(Stored records)
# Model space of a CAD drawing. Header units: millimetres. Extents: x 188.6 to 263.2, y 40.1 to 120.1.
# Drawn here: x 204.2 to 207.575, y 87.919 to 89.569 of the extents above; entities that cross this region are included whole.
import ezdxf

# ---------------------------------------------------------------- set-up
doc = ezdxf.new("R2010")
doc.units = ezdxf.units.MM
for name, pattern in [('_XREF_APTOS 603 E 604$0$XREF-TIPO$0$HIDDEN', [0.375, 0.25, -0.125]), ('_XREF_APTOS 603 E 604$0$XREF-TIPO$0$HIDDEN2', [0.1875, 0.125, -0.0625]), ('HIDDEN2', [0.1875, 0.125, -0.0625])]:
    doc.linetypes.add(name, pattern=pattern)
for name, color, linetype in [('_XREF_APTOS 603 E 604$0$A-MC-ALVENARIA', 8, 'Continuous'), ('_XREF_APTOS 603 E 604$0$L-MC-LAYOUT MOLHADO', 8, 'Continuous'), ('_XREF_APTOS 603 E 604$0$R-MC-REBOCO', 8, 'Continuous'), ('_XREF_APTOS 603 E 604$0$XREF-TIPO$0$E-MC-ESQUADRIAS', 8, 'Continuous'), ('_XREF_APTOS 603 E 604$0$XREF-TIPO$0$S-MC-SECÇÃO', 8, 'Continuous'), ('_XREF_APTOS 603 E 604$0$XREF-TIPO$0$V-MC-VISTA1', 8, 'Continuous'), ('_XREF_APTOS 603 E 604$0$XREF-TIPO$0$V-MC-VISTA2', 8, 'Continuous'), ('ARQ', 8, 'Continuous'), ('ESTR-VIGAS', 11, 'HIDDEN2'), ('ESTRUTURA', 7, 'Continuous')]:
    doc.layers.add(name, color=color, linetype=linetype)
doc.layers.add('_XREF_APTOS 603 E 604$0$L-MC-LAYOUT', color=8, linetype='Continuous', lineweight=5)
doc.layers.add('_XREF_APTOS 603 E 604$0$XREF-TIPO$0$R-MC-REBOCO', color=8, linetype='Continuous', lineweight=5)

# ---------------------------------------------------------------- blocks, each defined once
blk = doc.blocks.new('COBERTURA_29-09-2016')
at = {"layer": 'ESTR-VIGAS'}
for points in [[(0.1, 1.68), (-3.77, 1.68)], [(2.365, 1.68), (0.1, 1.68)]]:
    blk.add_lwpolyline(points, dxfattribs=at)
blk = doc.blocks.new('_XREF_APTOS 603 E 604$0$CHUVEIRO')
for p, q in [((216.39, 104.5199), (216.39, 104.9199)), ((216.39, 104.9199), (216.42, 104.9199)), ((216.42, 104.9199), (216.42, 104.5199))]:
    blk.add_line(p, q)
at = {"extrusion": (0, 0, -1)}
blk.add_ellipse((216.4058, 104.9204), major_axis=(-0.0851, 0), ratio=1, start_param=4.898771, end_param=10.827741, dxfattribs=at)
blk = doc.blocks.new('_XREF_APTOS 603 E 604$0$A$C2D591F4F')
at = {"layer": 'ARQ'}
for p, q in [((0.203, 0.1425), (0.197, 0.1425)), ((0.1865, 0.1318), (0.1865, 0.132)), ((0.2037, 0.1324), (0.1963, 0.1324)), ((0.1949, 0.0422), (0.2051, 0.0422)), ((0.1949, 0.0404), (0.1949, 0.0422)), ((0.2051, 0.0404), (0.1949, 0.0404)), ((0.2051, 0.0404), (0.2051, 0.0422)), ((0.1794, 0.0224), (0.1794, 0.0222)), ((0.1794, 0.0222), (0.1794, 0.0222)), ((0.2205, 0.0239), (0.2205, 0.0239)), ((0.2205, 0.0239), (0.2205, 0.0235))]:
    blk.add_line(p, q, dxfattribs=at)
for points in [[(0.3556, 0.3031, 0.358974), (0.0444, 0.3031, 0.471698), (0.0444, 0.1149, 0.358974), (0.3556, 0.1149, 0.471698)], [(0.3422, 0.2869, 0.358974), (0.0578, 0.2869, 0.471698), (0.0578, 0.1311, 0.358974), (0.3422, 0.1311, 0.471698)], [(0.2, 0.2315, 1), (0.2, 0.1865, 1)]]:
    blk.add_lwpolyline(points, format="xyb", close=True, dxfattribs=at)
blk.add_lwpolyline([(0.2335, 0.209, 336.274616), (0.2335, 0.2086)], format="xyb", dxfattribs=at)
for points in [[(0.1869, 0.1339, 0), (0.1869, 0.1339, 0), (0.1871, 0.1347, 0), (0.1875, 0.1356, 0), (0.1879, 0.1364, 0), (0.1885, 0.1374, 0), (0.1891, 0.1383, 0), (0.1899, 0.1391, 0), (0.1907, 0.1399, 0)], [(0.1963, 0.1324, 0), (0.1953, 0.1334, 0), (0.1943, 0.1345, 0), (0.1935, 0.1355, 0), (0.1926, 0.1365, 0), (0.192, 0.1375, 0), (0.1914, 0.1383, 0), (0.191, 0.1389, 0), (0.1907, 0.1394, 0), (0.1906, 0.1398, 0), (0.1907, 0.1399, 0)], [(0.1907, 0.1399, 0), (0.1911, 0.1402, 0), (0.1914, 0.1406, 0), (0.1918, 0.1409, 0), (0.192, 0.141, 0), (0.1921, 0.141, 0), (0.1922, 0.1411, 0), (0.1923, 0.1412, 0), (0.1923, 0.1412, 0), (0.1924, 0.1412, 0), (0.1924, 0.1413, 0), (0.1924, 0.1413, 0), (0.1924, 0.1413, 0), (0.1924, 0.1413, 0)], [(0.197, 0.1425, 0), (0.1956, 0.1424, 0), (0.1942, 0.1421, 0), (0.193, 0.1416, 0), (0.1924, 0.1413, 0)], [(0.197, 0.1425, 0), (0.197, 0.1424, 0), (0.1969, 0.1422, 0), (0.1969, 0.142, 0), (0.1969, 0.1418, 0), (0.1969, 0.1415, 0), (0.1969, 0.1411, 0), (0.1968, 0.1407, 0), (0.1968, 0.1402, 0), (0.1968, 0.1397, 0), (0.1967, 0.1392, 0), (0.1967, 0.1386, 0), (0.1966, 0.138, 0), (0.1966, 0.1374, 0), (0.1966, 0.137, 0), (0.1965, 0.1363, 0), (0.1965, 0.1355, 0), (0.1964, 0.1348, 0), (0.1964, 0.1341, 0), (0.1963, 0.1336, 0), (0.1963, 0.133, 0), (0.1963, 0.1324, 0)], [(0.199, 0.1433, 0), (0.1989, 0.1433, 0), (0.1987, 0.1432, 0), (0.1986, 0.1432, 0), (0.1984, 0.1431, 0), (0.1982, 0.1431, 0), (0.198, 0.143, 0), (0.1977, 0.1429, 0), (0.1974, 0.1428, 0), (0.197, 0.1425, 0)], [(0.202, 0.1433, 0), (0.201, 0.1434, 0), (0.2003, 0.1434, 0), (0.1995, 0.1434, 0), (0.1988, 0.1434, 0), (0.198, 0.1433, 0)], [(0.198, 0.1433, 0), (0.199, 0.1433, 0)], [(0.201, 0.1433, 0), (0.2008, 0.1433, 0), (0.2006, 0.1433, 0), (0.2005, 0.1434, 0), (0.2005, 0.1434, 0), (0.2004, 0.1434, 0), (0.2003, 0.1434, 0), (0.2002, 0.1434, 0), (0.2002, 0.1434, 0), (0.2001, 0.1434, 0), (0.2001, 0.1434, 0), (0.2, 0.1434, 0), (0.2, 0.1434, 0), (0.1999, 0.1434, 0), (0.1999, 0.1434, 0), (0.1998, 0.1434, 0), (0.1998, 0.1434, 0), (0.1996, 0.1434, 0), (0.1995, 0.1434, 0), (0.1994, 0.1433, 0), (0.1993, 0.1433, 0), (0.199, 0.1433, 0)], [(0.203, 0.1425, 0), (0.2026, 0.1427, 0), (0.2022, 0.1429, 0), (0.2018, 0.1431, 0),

### TASK STATEMENT
Please show every line above that includes the word "LAYOUT".

### SOLUTION TO THE EXERCISE
for name, color, linetype in [('_XREF_APTOS 603 E 604$0$A-MC-ALVENARIA', 8, 'Continuous'), ('_XREF_APTOS 603 E 604$0$L-MC-LAYOUT MOLHADO', 8, 'Continuous'), ('_XREF_APTOS 603 E 604$0$R-MC-REBOCO', 8, 'Continuous'), ('_XREF_APTOS 603 E 604$0$XREF-TIPO$0$E-MC-ESQUADRIAS', 8, 'Continuous'), ('_XREF_APTOS 603 E 604$0$XREF-TIPO$0$S-MC-SECÇÃO', 8, 'Continuous'), ('_XREF_APTOS 603 E 604$0$XREF-TIPO$0$V-MC-VISTA1', 8, 'Continuous'), ('_XREF_APTOS 603 E 604$0$XREF-TIPO$0$V-MC-VISTA2', 8, 'Continuous'), ('ARQ', 8, 'Continuous'), ('ESTR-VIGAS', 11, 'HIDDEN2'), ('ESTRUTURA', 7, 'Continuous')]:
doc.layers.add('_XREF_APTOS 603 E 604$0$L-MC-LAYOUT', color=8, linetype='Continuous', lineweight=5)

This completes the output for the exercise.